I imagine you can look back at times in your life and see the same law at work in what you've accomplished. When you've had a goal, a destination, and a plan, and worked surely in the direction of that goal, you've made progress.
This law holds true even if your progress isn't too rapid -- remember the principle -- as long as you've got speed and direction, you've got velocity.
Altogether too often, we expect to accomplish great goals in a day or an hour. We think we should be able to do as we would do with a microwave oven -- put our goals in the thing, push the button, and out they come, fully cooked and fully fulfilled. But sometimes, our progress may not be rapid, but it's sustained -- and often, that sustained progress is really all you need to progress.
Think back, if you will, to those wagon trains, that once crossed the American continent. To them, 20 miles was a good day; 30 miles was usually unheard of. The thought that we might travel someday at 80 miles an hour over roughly that same path would have floored them -- it was a goal that was inconceivable. But the pioneers who followed those wagon trains, and the ones who sailed around Cape Horn, or the ones who would pull handcarts, or walk the distance -- they still made their goal, through sustained effort in a defined direction.

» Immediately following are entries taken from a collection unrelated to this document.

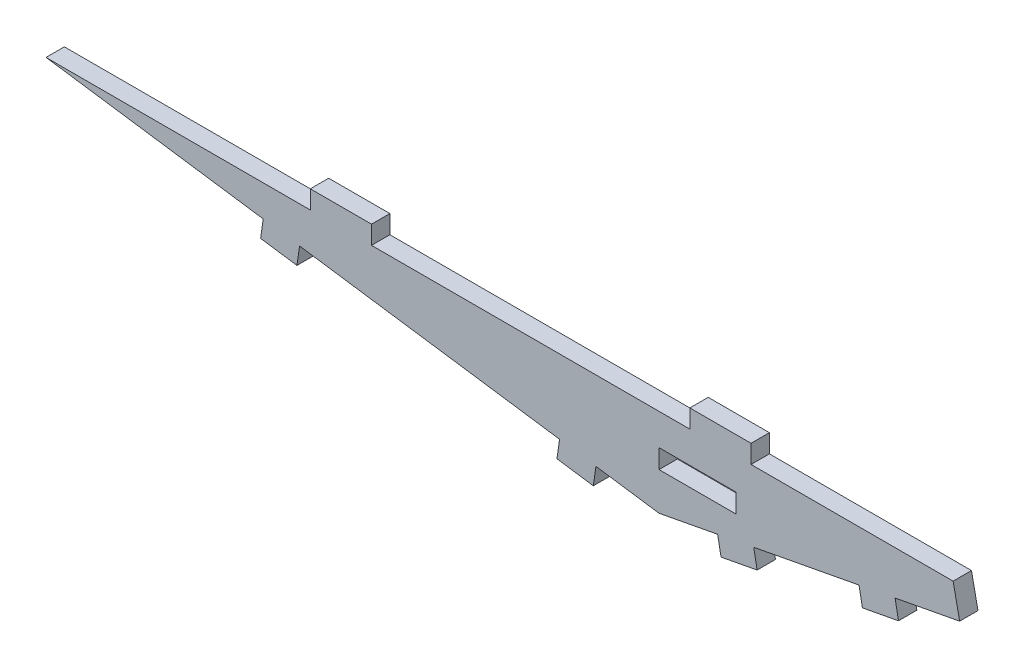
ISO-10303-21;
HEADER;
FILE_DESCRIPTION(('STEP AP214'),'2;1');
FILE_NAME('part.step','',(''),(''),'','','');
FILE_SCHEMA(('AUTOMOTIVE_DESIGN { 1 0 10303 214 1 1 1 1 }'));
ENDSEC;
DATA;
#1=APPLICATION_CONTEXT('core data for automotive mechanical design processes');
#2=APPLICATION_PROTOCOL_DEFINITION('international standard','automotive_design',2000,#1);
#3=PRODUCT_CONTEXT('',#1,'mechanical');
#4=PRODUCT('Part','Part','',(#3));
#5=PRODUCT_RELATED_PRODUCT_CATEGORY('part','',(#4));
#6=PRODUCT_DEFINITION_FORMATION('','',#4);
#7=PRODUCT_DEFINITION_CONTEXT('part definition',#1,'design');
#8=PRODUCT_DEFINITION('design','',#6,#7);
#9=PRODUCT_DEFINITION_SHAPE('','',#8);
#10=(LENGTH_UNIT() NAMED_UNIT(*) SI_UNIT(.MILLI.,.METRE.));
#11=(NAMED_UNIT(*) PLANE_ANGLE_UNIT() SI_UNIT($,.RADIAN.));
#12=(NAMED_UNIT(*) SI_UNIT($,.STERADIAN.) SOLID_ANGLE_UNIT());
#13=UNCERTAINTY_MEASURE_WITH_UNIT(LENGTH_MEASURE(1.E-05),#10,'distance_accuracy_value','');
#14=(GEOMETRIC_REPRESENTATION_CONTEXT(3) GLOBAL_UNCERTAINTY_ASSIGNED_CONTEXT((#13)) GLOBAL_UNIT_ASSIGNED_CONTEXT((#10,
#11,#12)) REPRESENTATION_CONTEXT('',''));
#15=CARTESIAN_POINT('',(0.,0.,0.));
#16=DIRECTION('',(0.,0.,1.));
#17=DIRECTION('',(1.,0.,0.));
#18=AXIS2_PLACEMENT_3D('',#15,#16,#17);
#19=CARTESIAN_POINT('',(-23.403233798281,-4.13319801123004,-1.524));
#20=DIRECTION('',(0.979200968562608,0.202892738081111,0.));
#21=DIRECTION('',(-0.202892738081111,0.979200968562608,0.));
#22=AXIS2_PLACEMENT_3D('',#19,#20,#21);
#23=PLANE('',#22);
#24=DIRECTION('',(-0.202892738081111,0.979200968562608,0.));
#25=VECTOR('',#24,1.);
#26=CARTESIAN_POINT('',(-23.403233798281,-4.13319801123004,0.));
#27=LINE('',#26,#25);
#28=CARTESIAN_POINT('',(-23.403233798281,-4.13319801123004,0.));
#29=VERTEX_POINT('',#28);
#30=CARTESIAN_POINT('',(-23.9438657478912,-1.52400000000021,0.));
#31=VERTEX_POINT('',#30);
#32=EDGE_CURVE('E278',#29,#31,#27,.T.);
#33=ORIENTED_EDGE('',*,*,#32,.F.);
#34=DIRECTION('',(0.,0.,1.));
#35=VECTOR('',#34,1.);
#36=CARTESIAN_POINT('',(-23.403233798281,-4.13319801123004,-1.524));
#37=LINE('',#36,#35);
#38=CARTESIAN_POINT('',(-23.403233798281,-4.13319801123004,-1.524));
#39=VERTEX_POINT('',#38);
#40=EDGE_CURVE('E11',#39,#29,#37,.T.);
#41=ORIENTED_EDGE('',*,*,#40,.F.);
#42=DIRECTION('',(-0.202892738081111,0.979200968562608,0.));
#43=VECTOR('',#42,1.);
#44=CARTESIAN_POINT('',(-23.403233798281,-4.13319801123004,-1.524));
#45=LINE('',#44,#43);
#46=CARTESIAN_POINT('',(-23.9438657478912,-1.52400000000021,-1.524));
#47=VERTEX_POINT('',#46);
#48=EDGE_CURVE('E282',#39,#47,#45,.T.);
#49=ORIENTED_EDGE('',*,*,#48,.T.);
#50=DIRECTION('',(0.,0.,1.));
#51=VECTOR('',#50,1.);
#52=CARTESIAN_POINT('',(-23.9438657478912,-1.52400000000021,-1.524));
#53=LINE('',#52,#51);
#54=EDGE_CURVE('E39',#47,#31,#53,.T.);
#55=ORIENTED_EDGE('',*,*,#54,.T.);
#56=EDGE_LOOP('',(#33,#41,#49,#55));
#57=FACE_BOUND('',#56,.T.);
#58=ADVANCED_FACE('F36',(#57),#23,.T.);
#59=CARTESIAN_POINT('',(-23.403233798281,-4.13319801123004,-1.524));
#60=DIRECTION('',(0.185772423247239,-0.982592798040393,0.));
#61=DIRECTION('',(0.982592798040393,0.185772423247239,0.));
#62=AXIS2_PLACEMENT_3D('',#59,#60,#61);
#63=PLANE('',#62);
#64=DIRECTION('',(0.982592798040393,0.185772423247239,0.));
#65=VECTOR('',#64,1.);
#66=CARTESIAN_POINT('',(-23.403233798281,-4.13319801123004,0.));
#67=LINE('',#66,#65);
#68=CARTESIAN_POINT('',(-28.7616153644906,-5.14627232871265,0.));
#69=VERTEX_POINT('',#68);
#70=EDGE_CURVE('E286',#69,#29,#67,.T.);
#71=ORIENTED_EDGE('',*,*,#70,.F.);
#72=DIRECTION('',(0.,0.,1.));
#73=VECTOR('',#72,1.);
#74=CARTESIAN_POINT('',(-28.7616153644906,-5.14627232871265,-1.524));
#75=LINE('',#74,#73);
#76=CARTESIAN_POINT('',(-28.7616153644906,-5.14627232871265,-1.524));
#77=VERTEX_POINT('',#76);
#78=EDGE_CURVE('E44',#77,#69,#75,.T.);
#79=ORIENTED_EDGE('',*,*,#78,.F.);
#80=DIRECTION('',(0.982592798040393,0.185772423247239,0.));
#81=VECTOR('',#80,1.);
#82=CARTESIAN_POINT('',(-23.403233798281,-4.13319801123004,-1.524));
#83=LINE('',#82,#81);
#84=EDGE_CURVE('E364',#77,#39,#83,.T.);
#85=ORIENTED_EDGE('',*,*,#84,.T.);
#86=ORIENTED_EDGE('',*,*,#40,.T.);
#87=EDGE_LOOP('',(#71,#79,#85,#86));
#88=FACE_BOUND('',#87,.T.);
#89=ADVANCED_FACE('F511',(#88),#63,.T.);
#90=CARTESIAN_POINT('',(-28.7616153644906,-5.14627232871265,-1.524));
#91=DIRECTION('',(0.982592798040394,0.185772423247235,0.));
#92=DIRECTION('',(-0.185772423247235,0.982592798040394,0.));
#93=AXIS2_PLACEMENT_3D('',#90,#91,#92);
#94=PLANE('',#93);
#95=DIRECTION('',(-0.185772423247235,0.982592798040394,0.));
#96=VECTOR('',#95,1.);
#97=CARTESIAN_POINT('',(-28.7616153644906,-5.14627232871265,0.));
#98=LINE('',#97,#96);
#99=CARTESIAN_POINT('',(-28.4784981914618,-6.64374375292641,0.));
#100=VERTEX_POINT('',#99);
#101=EDGE_CURVE('E444',#100,#69,#98,.T.);
#102=ORIENTED_EDGE('',*,*,#101,.F.);
#103=DIRECTION('',(0.,0.,1.));
#104=VECTOR('',#103,1.);
#105=CARTESIAN_POINT('',(-28.4784981914618,-6.64374375292641,-1.524));
#106=LINE('',#105,#104);
#107=CARTESIAN_POINT('',(-28.4784981914618,-6.64374375292641,-1.524));
#108=VERTEX_POINT('',#107);
#109=EDGE_CURVE('E450',#108,#100,#106,.T.);
#110=ORIENTED_EDGE('',*,*,#109,.F.);
#111=DIRECTION('',(-0.185772423247235,0.982592798040394,0.));
#112=VECTOR('',#111,1.);
#113=CARTESIAN_POINT('',(-28.7616153644906,-5.14627232871265,-1.524));
#114=LINE('',#113,#112);
#115=EDGE_CURVE('E361',#108,#77,#114,.T.);
#116=ORIENTED_EDGE('',*,*,#115,.T.);
#117=ORIENTED_EDGE('',*,*,#78,.T.);
#118=EDGE_LOOP('',(#102,#110,#116,#117));
#119=FACE_BOUND('',#118,.T.);
#120=ADVANCED_FACE('F610',(#119),#94,.T.);
#121=CARTESIAN_POINT('',(-31.4734410398889,-7.20997809898394,-1.524));
#122=DIRECTION('',(0.185772423247223,-0.982592798040396,0.));
#123=DIRECTION('',(0.982592798040396,0.185772423247223,0.));
#124=AXIS2_PLACEMENT_3D('',#121,#122,#123);
#125=PLANE('',#124);
#126=DIRECTION('',(0.982592798040396,0.185772423247223,0.));
#127=VECTOR('',#126,1.);
#128=CARTESIAN_POINT('',(-31.4734410398889,-7.20997809898394,0.));
#129=LINE('',#128,#127);
#130=CARTESIAN_POINT('',(-31.4734410398889,-7.20997809898394,0.));
#131=VERTEX_POINT('',#130);
#132=EDGE_CURVE('E441',#131,#100,#129,.T.);
#133=ORIENTED_EDGE('',*,*,#132,.F.);
#134=DIRECTION('',(0.,0.,1.));
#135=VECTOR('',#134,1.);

Eventually, the railroad would push those wagon trains into western folklore; automobiles and airlines would, in turn, take over much of the passenger traffic hauled by the railways.
But even now, we depend on the same call -- "forward, ho."
Like the wagon master of years gone by, we must continue to lead ourselves to constant and unending forward motion -- always moving along, always keeping our path toward our goals, and always following our path toward our final destination.
There is a lesson to be learned for all of us in those fateful words -- "forward, ho." No longer should we persist in staying in one place for the remainder of our lives. No longer need we spend years upon years mired in the "same old thing." No longer do we need to stay "where we've always been" in our lives.
No progress will ever be made by someone who constantly changes direction -- or worse yet, by someone who never moves at all. A person who doesn't move, doesn't grow, and doesn't change will not affect life for the better. We really don't need many anchors in life -- what we need are the sails.
All we need is a little bit of velocity, and the call of "forward, ho."
Copyright, 2003, by Daryl R. Gibson and WeekdayWisdom.com. All rights reserved. Permission is hereby granted for the non-commercial use of this document as long as it retains this copyright and all lines and images remain intact. This does not allow the compilation and marketing of this material, whether for commercial or non-commercial use. Join us at http://www.WeekdayWisdom.com.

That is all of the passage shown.